JC – Em sua opinião, é válida a criação de uma entidade governamental que reveja a regulação federal, com base na análise de seu impacto, a exemplo do Office of Information and Regulatory Affairs – OIRA, existente nos Estados Unidos?

ASA – Em razão da setorização regulatória, é necessária alguma coordenação entre todas essas instâncias, desde que mantido o estatuto autonômico das que o possuírem. Não dá para se ter várias instâncias regulatórias, independentes ou não, cada uma atuando sem ter atenção em relação às outras. Isso pode gerar várias consequências indesejáveis, como, por exemplo: contradição de normas administrativas, que gera insegurança jurídica e conflitos judiciais e administrativos; atrasos nas tomadas de decisões – porque um não sabe o que o outro está fazendo; conflitos internos; e, para evitar a tomada de decisão em prol de um ou de outro lado, acabam não decidindo nada.

Haveria também, sem a coordenação, a possibilidade de não atendimento ao princípio constitucional da eficiência. Pode ser que um órgão já tenha feito estudos estatísticos da situação e o outro vai realizar de novo o mesmo estudo estatístico para saber como agir. Pode haver desperdício de tempo, dinheiro e pessoal.

JC – Há questionamentos sobre a prática contumaz do Estado, enquanto ente regu­lador, de normatizar em excesso ou sem a devida avaliação das suas consequências sobre o ente regulado e a sociedade em geral determinados assuntos.

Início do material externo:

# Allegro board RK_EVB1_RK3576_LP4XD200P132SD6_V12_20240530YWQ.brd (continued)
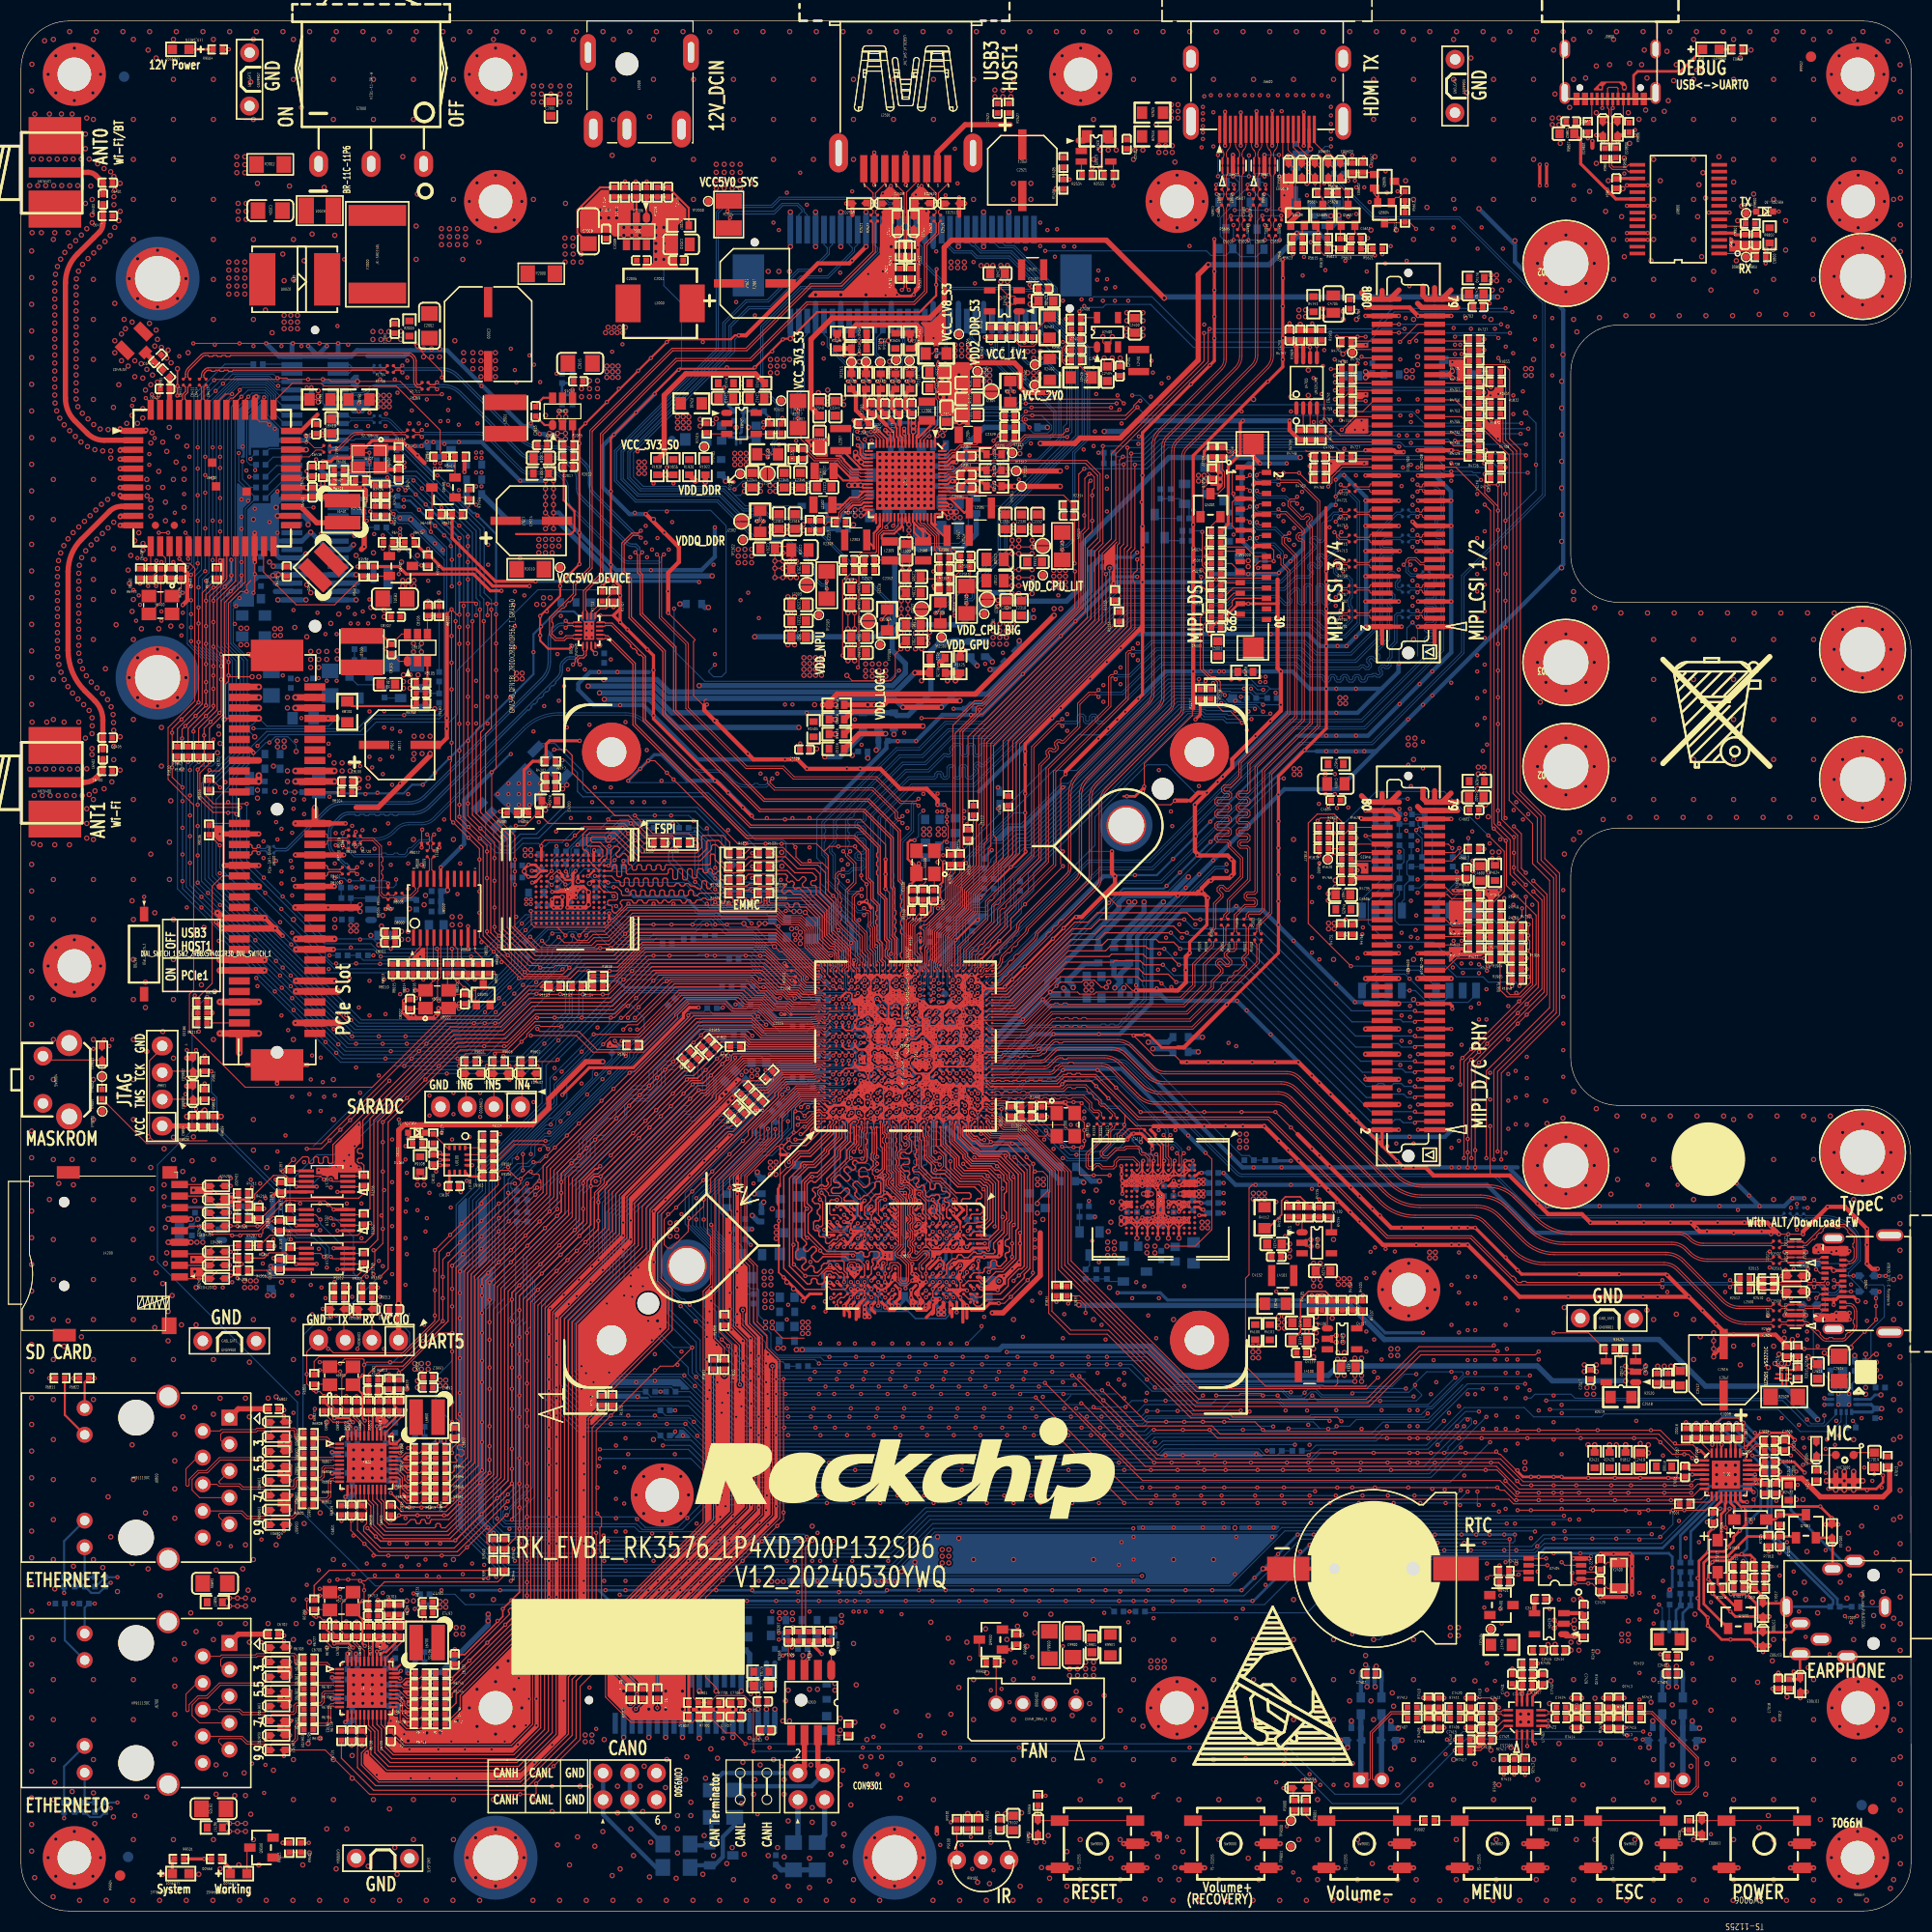
[diagram p0: board, top side]
## Nets (continued)
MIPI_DPHY_CSI1_PWM: R1831.2 R4755.1
MIPI_DPHY_CSI1_RX_CLKN: R4708.1 U1000.1AC23(MIPI_DPHY_CSI1_RX_CLKN |                     --)
MIPI_DPHY_CSI1_RX_CLKP: R4710.1 U1000.1AC22(MIPI_DPHY_CSI1_RX_CLKP |                     --)
MIPI_DPHY_CSI1_RX_D0N: R4700.1 U1000.AE28(MIPI_DPHY_CSI1_RX_D0N  |                     --)
MIPI_DPHY_CSI1_RX_D0P: R4704.1 U1000.AE29(MIPI_DPHY_CSI1_RX_D0P  |                     --)
MIPI_DPHY_CSI1_RX_D1N: R4706.1 U1000.AF28(MIPI_DPHY_CSI1_RX_D1N  |                     --)
MIPI_DPHY_CSI1_RX_D1P: R4703.1 U1000.AF29(MIPI_DPHY_CSI1_RX_D1P  |                     --)
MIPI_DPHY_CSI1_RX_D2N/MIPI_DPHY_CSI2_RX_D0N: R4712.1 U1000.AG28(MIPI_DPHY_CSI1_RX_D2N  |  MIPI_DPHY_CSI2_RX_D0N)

Quais as implicações que isso pode ocasionar?

ASA – As implicações principais seriam, em primeiro lugar, a sedimentação de um Estado paternalista, em evidente prejuízo da liberdade dos cidadãos e, em segundo lugar, a imposição de prejuízos econômicos para os participantes do mercado, desproporcionais aos supostos benefícios sociais visados.

Essa normatização exacerbada e não fundamentada é justamente o que se quis evitar com a adoção do modelo das agências reguladoras independentes, que buscava garantir a especialidade, tecnicidade e estabilidade da regulação.

JC – O senhor poderia citar exemplos de normatizações impostas pelas agências regulatórias que, havendo uma AIR prévia, provavelmente não teriam sido adotadas?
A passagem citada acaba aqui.